Task description. From the line containing "#21838 = CARTESIAN_POINT" to the last line of the records, please reproduce every line exactly and nothing more.

════

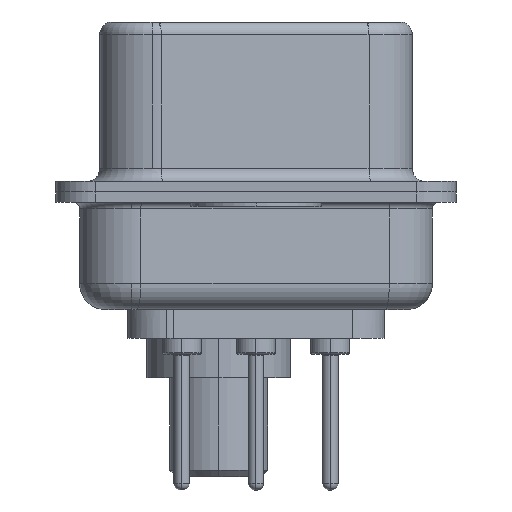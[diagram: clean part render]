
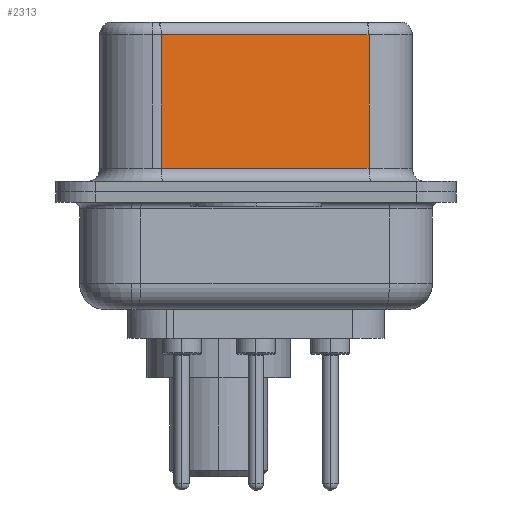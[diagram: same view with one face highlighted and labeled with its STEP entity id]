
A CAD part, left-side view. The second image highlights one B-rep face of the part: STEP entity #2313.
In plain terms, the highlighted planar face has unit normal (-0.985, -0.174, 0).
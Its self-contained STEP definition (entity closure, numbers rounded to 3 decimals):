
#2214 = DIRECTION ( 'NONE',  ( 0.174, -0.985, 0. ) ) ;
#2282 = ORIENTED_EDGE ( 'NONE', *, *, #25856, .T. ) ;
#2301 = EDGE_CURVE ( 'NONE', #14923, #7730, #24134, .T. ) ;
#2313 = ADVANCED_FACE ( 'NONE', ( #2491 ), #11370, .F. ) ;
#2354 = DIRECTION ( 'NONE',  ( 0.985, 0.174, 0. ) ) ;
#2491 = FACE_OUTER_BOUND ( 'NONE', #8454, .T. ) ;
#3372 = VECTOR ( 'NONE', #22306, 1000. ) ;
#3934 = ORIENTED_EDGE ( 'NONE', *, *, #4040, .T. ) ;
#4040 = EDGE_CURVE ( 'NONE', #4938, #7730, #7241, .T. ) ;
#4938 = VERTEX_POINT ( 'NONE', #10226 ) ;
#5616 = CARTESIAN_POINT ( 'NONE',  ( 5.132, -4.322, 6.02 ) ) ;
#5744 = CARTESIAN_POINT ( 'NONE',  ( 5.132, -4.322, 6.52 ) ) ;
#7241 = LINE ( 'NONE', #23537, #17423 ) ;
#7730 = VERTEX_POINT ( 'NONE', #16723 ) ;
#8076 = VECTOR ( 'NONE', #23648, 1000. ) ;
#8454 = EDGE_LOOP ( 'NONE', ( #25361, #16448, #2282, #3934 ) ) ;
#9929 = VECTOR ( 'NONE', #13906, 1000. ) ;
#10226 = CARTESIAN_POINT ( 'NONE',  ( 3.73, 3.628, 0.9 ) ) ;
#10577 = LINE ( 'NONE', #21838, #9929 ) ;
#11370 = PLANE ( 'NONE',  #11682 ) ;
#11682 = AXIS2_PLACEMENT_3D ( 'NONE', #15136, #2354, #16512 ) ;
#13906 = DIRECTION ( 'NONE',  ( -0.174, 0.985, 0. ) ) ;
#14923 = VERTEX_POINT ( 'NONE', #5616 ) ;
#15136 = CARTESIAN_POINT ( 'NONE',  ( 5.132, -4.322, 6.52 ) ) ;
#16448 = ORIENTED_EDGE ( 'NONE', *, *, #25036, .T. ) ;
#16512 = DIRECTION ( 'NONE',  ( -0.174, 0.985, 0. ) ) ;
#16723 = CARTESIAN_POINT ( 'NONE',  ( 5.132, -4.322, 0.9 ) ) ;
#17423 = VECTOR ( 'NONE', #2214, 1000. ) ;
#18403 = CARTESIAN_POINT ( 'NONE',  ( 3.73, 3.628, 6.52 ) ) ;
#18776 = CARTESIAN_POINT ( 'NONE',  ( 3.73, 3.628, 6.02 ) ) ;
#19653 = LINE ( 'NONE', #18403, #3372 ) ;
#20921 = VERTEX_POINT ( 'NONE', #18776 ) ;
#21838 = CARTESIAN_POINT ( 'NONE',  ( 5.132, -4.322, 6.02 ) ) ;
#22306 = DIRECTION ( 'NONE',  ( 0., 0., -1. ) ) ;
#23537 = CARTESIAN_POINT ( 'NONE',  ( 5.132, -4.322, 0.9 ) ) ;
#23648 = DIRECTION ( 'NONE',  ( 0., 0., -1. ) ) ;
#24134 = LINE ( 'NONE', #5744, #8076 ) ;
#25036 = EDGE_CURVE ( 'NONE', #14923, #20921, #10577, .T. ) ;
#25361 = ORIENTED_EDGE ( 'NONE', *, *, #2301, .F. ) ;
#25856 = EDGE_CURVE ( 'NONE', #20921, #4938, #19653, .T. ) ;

════

Answer to the exercise.
#21838 = CARTESIAN_POINT ( 'NONE',  ( 5.132, -4.322, 6.02 ) ) ;
#22306 = DIRECTION ( 'NONE',  ( 0., 0., -1. ) ) ;
#23537 = CARTESIAN_POINT ( 'NONE',  ( 5.132, -4.322, 0.9 ) ) ;
#23648 = DIRECTION ( 'NONE',  ( 0., 0., -1. ) ) ;
#24134 = LINE ( 'NONE', #5744, #8076 ) ;
#25036 = EDGE_CURVE ( 'NONE', #14923, #20921, #10577, .T. ) ;
#25361 = ORIENTED_EDGE ( 'NONE', *, *, #2301, .F. ) ;
#25856 = EDGE_CURVE ( 'NONE', #20921, #4938, #19653, .T. ) ;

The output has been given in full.